Watch the video: What is 4K?
Whether you’re talking televisions, videogames, YouTube videos or cameras, 4K is a pretty big deal. But what does 4K actually mean, and what difference does it make to you and your camera?
• See the Digital Camera World A-Z Dictionary of photography jargon (opens in new tab)
To explain, let’s go back to the days before the HDTV revolution. These old screens could display an image with a resolution of 858 x 480 pixels. This was known as 480p, aka “SD” for “standard resolution”.
Then came so-called “HD-ready” displays, which could display images at 720 x 1280 pixels.

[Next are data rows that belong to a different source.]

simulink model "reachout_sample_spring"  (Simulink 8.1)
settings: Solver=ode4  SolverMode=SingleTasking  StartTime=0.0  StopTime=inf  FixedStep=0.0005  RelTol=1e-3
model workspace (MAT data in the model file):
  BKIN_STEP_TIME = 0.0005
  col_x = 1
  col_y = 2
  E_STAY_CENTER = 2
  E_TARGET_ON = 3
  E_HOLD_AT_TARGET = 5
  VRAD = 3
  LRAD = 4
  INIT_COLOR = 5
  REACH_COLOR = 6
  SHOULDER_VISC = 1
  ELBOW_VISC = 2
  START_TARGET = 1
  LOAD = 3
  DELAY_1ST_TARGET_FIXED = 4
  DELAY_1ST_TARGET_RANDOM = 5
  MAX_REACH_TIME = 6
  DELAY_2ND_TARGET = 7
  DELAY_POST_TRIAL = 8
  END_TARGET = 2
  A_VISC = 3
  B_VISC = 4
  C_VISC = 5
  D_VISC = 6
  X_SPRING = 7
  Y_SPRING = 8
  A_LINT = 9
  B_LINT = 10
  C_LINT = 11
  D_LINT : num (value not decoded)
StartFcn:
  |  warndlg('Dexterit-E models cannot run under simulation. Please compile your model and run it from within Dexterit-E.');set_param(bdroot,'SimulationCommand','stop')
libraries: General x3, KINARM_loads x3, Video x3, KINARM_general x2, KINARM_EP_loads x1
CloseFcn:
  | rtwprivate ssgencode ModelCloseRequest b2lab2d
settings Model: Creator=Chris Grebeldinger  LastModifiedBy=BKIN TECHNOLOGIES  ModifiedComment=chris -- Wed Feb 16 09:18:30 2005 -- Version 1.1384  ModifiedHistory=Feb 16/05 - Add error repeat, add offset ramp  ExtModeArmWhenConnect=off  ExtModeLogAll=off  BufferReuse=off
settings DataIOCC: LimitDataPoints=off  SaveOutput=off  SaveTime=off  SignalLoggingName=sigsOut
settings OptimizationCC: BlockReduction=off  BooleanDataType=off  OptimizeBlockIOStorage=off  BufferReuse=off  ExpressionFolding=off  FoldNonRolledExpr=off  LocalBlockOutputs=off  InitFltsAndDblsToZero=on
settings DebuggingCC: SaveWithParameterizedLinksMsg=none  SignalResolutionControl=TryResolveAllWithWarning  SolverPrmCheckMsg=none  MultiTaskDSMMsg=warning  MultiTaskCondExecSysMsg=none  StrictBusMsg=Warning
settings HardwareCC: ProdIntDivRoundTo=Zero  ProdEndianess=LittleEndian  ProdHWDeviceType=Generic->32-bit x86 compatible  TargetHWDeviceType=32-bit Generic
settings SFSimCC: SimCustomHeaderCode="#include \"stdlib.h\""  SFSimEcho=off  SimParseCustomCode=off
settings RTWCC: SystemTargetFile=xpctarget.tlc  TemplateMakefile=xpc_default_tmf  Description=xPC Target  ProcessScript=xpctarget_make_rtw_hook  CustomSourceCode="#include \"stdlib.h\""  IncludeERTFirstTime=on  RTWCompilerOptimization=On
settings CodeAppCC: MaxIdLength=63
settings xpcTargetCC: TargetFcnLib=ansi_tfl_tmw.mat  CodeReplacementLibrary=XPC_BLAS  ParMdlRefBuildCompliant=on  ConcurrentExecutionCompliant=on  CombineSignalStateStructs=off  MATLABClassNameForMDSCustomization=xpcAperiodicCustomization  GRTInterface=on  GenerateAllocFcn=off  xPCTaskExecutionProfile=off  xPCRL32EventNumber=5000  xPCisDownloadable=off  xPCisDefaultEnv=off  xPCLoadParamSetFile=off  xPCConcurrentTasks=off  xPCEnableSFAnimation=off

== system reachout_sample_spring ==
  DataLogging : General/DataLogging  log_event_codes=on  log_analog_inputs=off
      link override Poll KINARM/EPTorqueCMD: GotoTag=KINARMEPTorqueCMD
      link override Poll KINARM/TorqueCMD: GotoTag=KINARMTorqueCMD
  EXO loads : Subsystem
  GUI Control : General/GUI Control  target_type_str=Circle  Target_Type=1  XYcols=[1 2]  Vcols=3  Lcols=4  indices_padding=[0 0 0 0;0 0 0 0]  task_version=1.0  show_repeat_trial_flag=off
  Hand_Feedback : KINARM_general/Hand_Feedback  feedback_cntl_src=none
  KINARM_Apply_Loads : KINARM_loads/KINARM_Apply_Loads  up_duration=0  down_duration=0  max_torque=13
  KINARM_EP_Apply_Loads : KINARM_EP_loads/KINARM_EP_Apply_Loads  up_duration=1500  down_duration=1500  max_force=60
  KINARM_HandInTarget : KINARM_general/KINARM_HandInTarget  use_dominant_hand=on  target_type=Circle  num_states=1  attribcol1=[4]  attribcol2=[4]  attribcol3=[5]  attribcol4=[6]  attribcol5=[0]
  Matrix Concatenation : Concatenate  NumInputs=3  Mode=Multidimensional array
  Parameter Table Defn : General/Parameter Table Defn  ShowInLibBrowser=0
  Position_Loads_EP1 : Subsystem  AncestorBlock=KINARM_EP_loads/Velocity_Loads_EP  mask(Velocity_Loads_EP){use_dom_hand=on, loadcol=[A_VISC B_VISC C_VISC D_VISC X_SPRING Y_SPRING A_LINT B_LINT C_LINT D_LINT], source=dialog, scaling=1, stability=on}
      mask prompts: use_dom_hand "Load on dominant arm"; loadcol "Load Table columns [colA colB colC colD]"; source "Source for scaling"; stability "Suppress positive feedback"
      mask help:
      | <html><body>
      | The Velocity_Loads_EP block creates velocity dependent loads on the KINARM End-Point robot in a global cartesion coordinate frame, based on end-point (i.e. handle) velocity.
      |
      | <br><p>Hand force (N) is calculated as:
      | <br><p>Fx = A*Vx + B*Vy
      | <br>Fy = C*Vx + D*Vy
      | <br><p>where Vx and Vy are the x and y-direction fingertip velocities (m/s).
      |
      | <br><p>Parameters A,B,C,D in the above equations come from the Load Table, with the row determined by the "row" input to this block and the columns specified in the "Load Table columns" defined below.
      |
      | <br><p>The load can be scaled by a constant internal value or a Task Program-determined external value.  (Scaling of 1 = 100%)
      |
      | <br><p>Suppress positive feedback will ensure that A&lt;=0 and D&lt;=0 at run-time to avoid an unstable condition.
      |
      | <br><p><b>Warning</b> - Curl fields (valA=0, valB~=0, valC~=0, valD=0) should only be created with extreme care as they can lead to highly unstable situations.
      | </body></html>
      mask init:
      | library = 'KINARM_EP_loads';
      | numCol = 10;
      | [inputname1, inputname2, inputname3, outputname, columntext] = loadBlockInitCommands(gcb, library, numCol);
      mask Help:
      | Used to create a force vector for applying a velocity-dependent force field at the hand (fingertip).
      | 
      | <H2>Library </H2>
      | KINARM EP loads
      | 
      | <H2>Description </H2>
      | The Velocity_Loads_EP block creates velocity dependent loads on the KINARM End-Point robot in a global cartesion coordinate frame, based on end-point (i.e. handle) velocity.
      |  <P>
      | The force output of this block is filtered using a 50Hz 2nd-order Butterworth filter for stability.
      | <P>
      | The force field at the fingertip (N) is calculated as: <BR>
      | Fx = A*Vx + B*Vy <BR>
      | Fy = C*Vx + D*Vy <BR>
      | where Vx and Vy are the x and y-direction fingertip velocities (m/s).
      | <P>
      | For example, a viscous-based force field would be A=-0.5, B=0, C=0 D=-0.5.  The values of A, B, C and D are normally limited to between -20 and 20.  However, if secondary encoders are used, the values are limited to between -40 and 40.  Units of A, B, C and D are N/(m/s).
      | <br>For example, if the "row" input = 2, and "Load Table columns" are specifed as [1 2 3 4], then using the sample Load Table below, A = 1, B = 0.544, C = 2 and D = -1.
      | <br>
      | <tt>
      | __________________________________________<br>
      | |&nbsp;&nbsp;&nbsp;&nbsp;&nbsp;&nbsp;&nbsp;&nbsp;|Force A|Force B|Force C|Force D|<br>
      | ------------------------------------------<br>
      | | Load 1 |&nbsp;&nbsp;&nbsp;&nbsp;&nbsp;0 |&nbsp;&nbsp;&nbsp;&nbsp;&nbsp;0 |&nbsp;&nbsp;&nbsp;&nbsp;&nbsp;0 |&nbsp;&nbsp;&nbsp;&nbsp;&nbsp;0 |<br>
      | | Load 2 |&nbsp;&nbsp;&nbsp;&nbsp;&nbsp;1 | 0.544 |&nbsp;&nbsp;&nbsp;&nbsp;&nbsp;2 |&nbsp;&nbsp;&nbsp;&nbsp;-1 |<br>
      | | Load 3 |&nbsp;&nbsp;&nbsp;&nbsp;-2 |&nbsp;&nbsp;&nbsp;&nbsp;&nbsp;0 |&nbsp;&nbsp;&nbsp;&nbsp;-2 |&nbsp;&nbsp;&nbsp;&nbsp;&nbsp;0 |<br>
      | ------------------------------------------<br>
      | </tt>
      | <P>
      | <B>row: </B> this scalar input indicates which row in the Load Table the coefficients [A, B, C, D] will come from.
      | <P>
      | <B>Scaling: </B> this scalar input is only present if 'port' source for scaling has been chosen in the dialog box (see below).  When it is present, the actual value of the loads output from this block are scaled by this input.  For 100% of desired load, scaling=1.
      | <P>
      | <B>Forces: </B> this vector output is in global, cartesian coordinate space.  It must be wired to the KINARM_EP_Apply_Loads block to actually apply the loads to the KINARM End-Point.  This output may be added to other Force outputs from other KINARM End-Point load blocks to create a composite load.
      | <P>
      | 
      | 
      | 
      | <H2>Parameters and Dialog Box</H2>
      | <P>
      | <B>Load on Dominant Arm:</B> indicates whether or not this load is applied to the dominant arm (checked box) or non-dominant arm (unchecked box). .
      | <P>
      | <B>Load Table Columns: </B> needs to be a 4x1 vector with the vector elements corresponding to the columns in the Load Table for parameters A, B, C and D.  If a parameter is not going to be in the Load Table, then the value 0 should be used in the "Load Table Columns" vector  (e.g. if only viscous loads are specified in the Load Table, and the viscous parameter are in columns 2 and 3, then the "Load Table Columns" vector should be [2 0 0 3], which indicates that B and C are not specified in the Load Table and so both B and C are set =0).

This “720p” format became known as “HD”.
• Read more: The best 4K camera in 2019 (opens in new tab)
Then we had true high definition screens that could display at 1920 x 1080 pixels, which we know as “1080p” or “FullHD”. (In all cases the resolutions could be "i" instead of "p", such as 1080i, depending on whether the display was interlaced or progressive scan… but that's another conversation!)
This brings us to 4K, which can display images as 3860 x 2160 pixels. However, instead of continuing the convention and calling it “2160p”, after the vertical pixel count, a clever marketing department began calling it “4K” or “UltraHD”. This is because it contains roughly four times as many pixels as 1080p / FullHD resolution.
Slightly confusingly, there is also a cinematic standard describing a 4096 x 2160 pixel resolution. This “Cinema4K” standard is so-called because the horizontal pixel count is in the region of 4,000 pixels.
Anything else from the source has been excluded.